Le 29 avril dernier, Karine Jambu a reçu une lettre de la juge d’application des peines du tribunal de Caen, l'informant de la prochaine libération de son agresseur, Roland Blaudy. Condamné à trente ans de réclusion pour des viols répétés sur elle alors qu'elle n'avait que cinq ans, ce dernier sortira de prison le 12 mai. Cette situation soulève des inquiétudes, notamment parce qu'il sera logé dans la même ville que Karine, à Rennes.
Alors que la justice a jugé que sa libération était inévitable, beaucoup se voient confrontés à un sentiment d'incompréhension. Karine, qui a appris cette nouvelle avec désespoir, confie : "Ça me dégoûte. Je ne comprends pas comment c’est possible. Il a détruit une partie de ma vie, et on le laisse libre. Que vais-je faire ? Éviter de sortir ?" Son angoisse est partagée par d’autres victimes de Blaudy, dont le nombre dépasse la quinzaine.

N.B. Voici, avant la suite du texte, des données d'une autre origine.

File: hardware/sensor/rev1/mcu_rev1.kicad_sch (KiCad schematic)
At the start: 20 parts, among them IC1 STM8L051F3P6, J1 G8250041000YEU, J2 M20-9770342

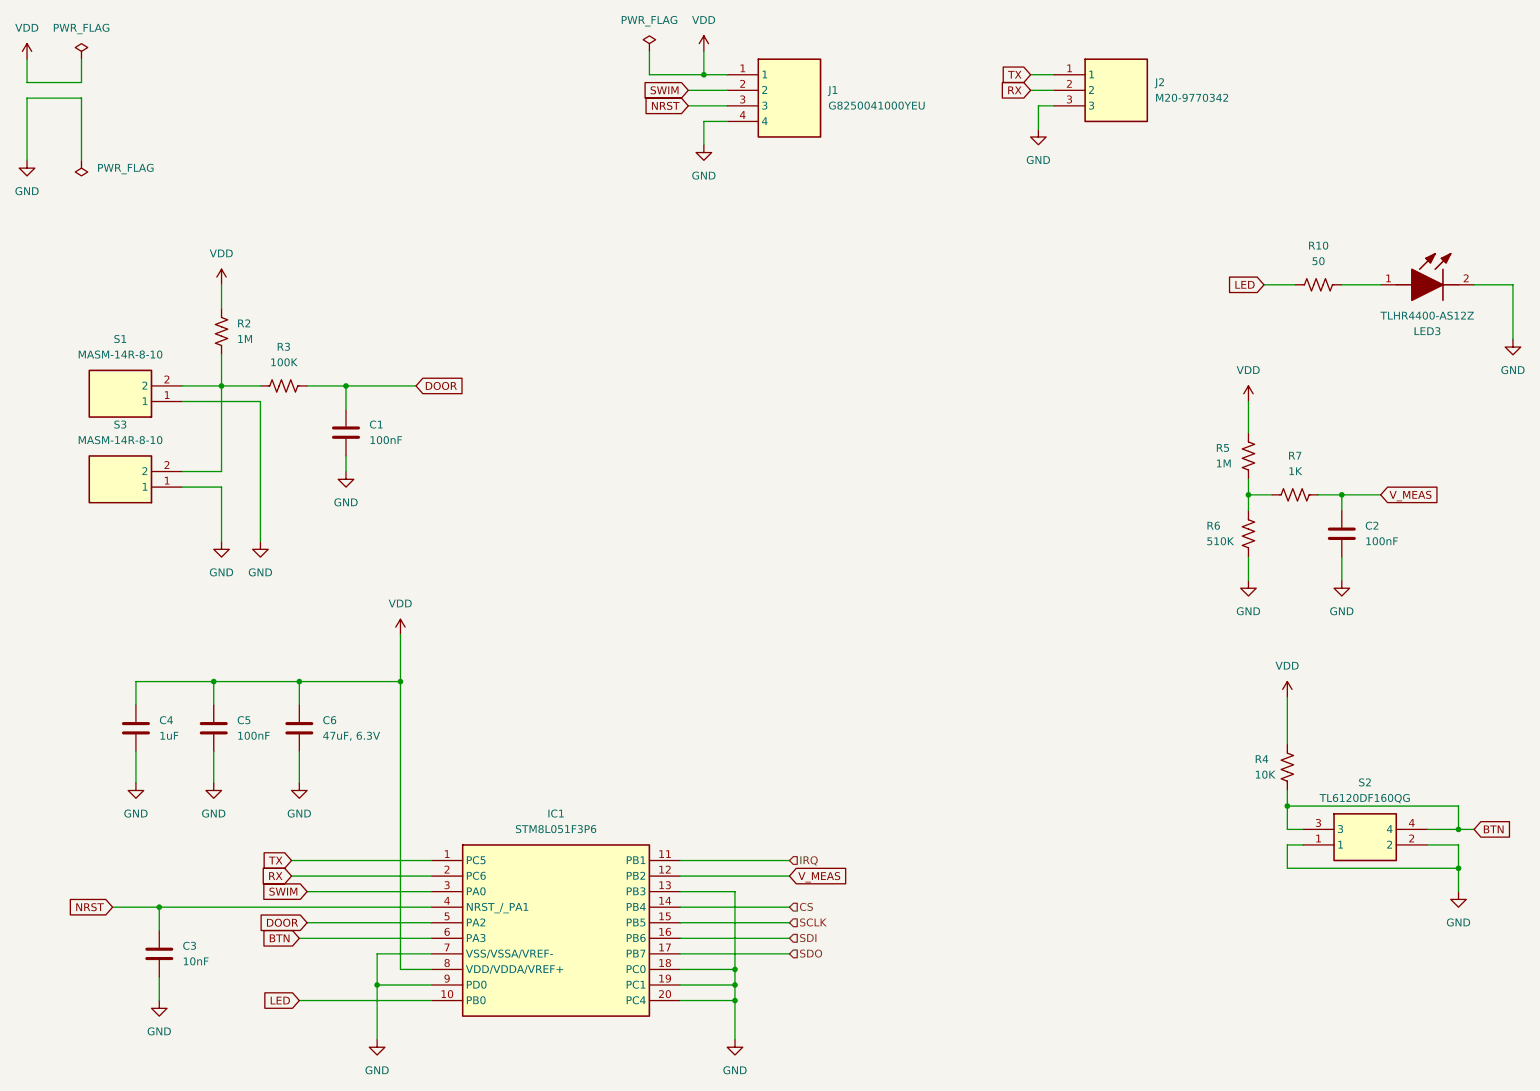
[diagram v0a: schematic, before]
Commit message: EG-49 Several components addes, such as bulk capacitors, battery holder, MCU and reed switches.
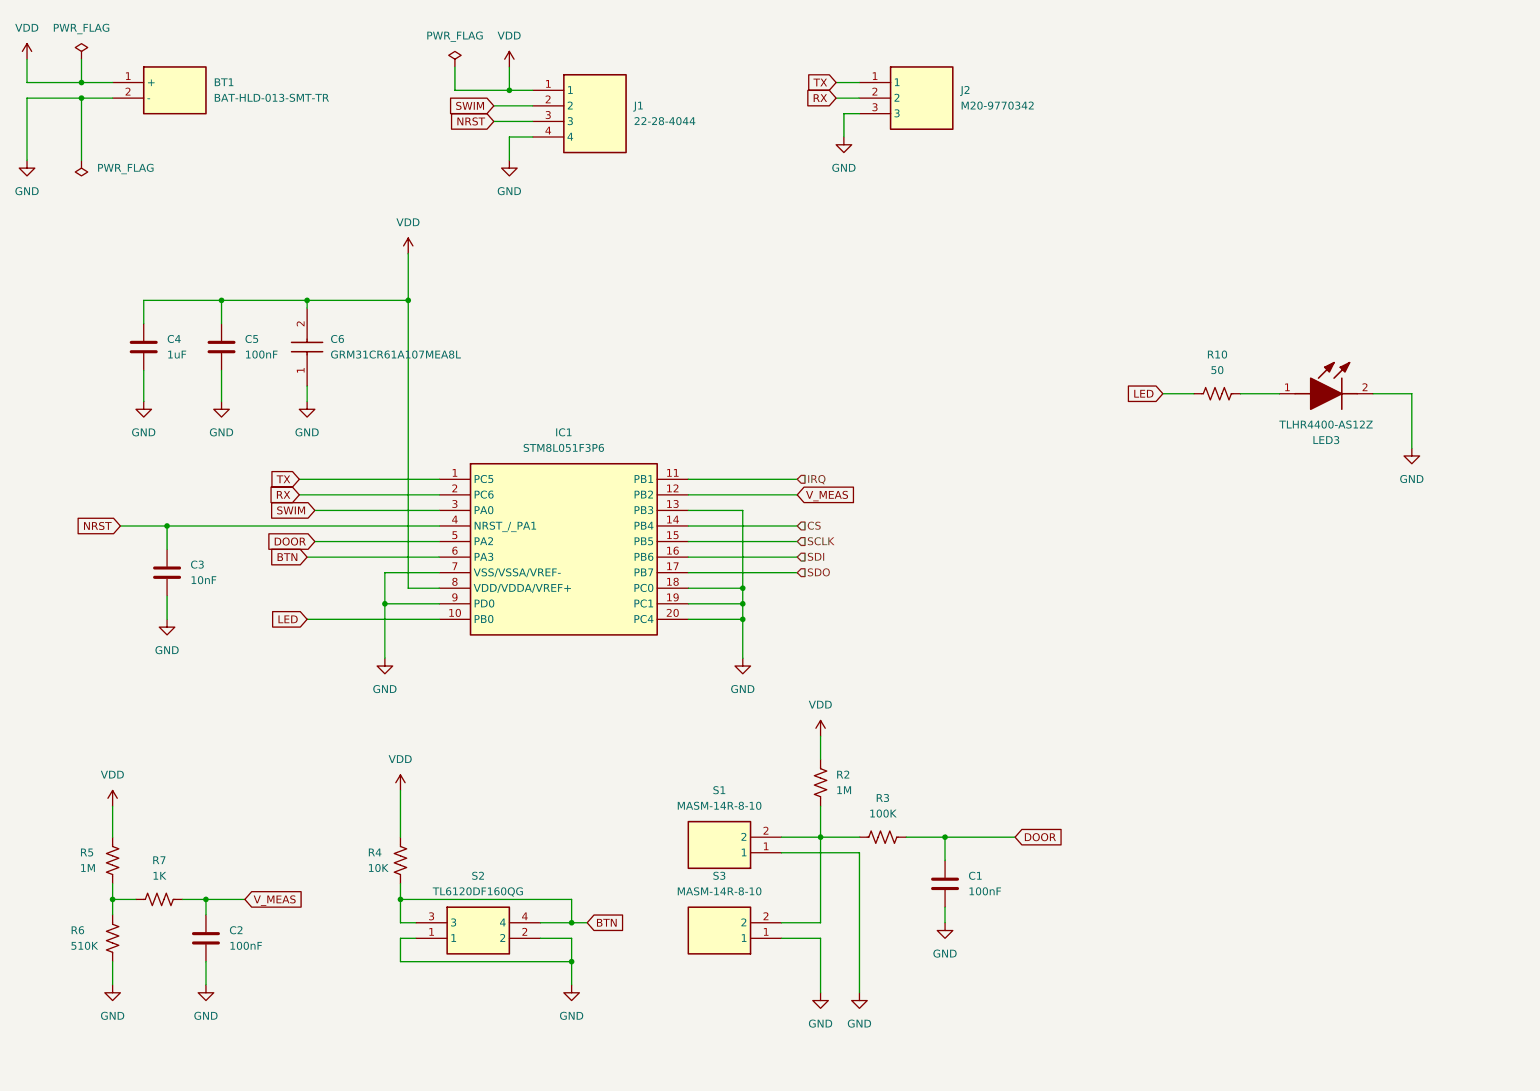
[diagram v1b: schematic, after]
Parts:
- removed C6: 47uF, 6.3V, Capacitor_SMD:C_1206_3216Metric, symbol Device:C
- removed J1: G8250041000YEU, MyParts:HDRV4W55P0X200_1X4_800X200X635P, symbol G8250041000YEU:G8250041000YEU
- added BT1: BAT-HLD-013-SMT-TR, MyParts:BATHLD013SMTTR, symbol BAT-HLD-013-SMT-TR:BAT-HLD-013-SMT-TR
- added C6: GRM31CR61A107MEA8L, MyParts:GRM31x, symbol GRM31CR61A107MEA8L:GRM31CR61A107MEA8L
- added J1: 22-28-4044, MyParts:HDRV4W66P0X254_1X4_1016X249X1067P, symbol 22-28-4044:22-28-4044
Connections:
- net GND: now also BT1.2 (-), C6.1, J1.4
- net NRST: now also J1.3
- net SWIM: now also J1.2
- net VDD: now also BT1.1 (+), C6.2, J1.1
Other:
- moved on the sheet: C1, C2, C3, C4, C5, IC1, J2, LED3, R10, R2, R3, R4

Le procureur de la République de Caen, Joël Garrigue, a dû répondre aux interrogations suscitées par cette annonce. Il a admis que Blaudy avait bénéficié de réductions de peine correspondant à neuf années, rendant sa libération légale. Mais la question demeure : pourquoi renvoyer un récidiviste à Rennes, là où se trouve sa victime? Le procureur indique que c’était la seule option viabilité, prévenant qu’une assignation à résidence ailleurs pourrait le conduire à errer sans contrôle.
Des mesures pour encadrer la libération
Pour accompagner sa sortie, plusieurs mesures de suivi ont été mises en place. Blaudy sera soumis à un suivi sociojudiciaire pendant quinze ans et équipé d'un bracelet électronique. Ses obligations incluent l’interdiction de tout contact avec ses victimes et l'accès à des lieux fréquentés par des mineurs. Toutefois, cette approche rassure peu Karine et les autres concernés. "Nous avons été trahis par la justice qui n'a pas protégé suffisamment les victimes," témoigne une proche de Karine.
Le débat public fait rage
Cette affaire fait écho à un contexte plus large concernant le traitement juridique des pédocriminels. Des voix, notamment de l’Association des Victimes de Violences Sexuelles, s'élèvent pour exiger une réévaluation des lois sur les peines et leurs confusions. Une pétition a d'ailleurs circulé, visant à modifier ces lois pour mieux protéger les victimes. Le débat va même jusqu'à invoquer la nécessité de mesures plus strictes pour assurer la sécurité des anciens victimes.
L’histoire de Karine Jambu, et celle de sa tante, a inspiré le film Signalements, qui met en lumière les dysfonctionnements de la justice face à ces crimes. Le soutien du public et des institutions sera déterminant pour la suite de cette affaire, alors que des députés examinent des projets de lois pour prévenir de telles situations à l'avenir.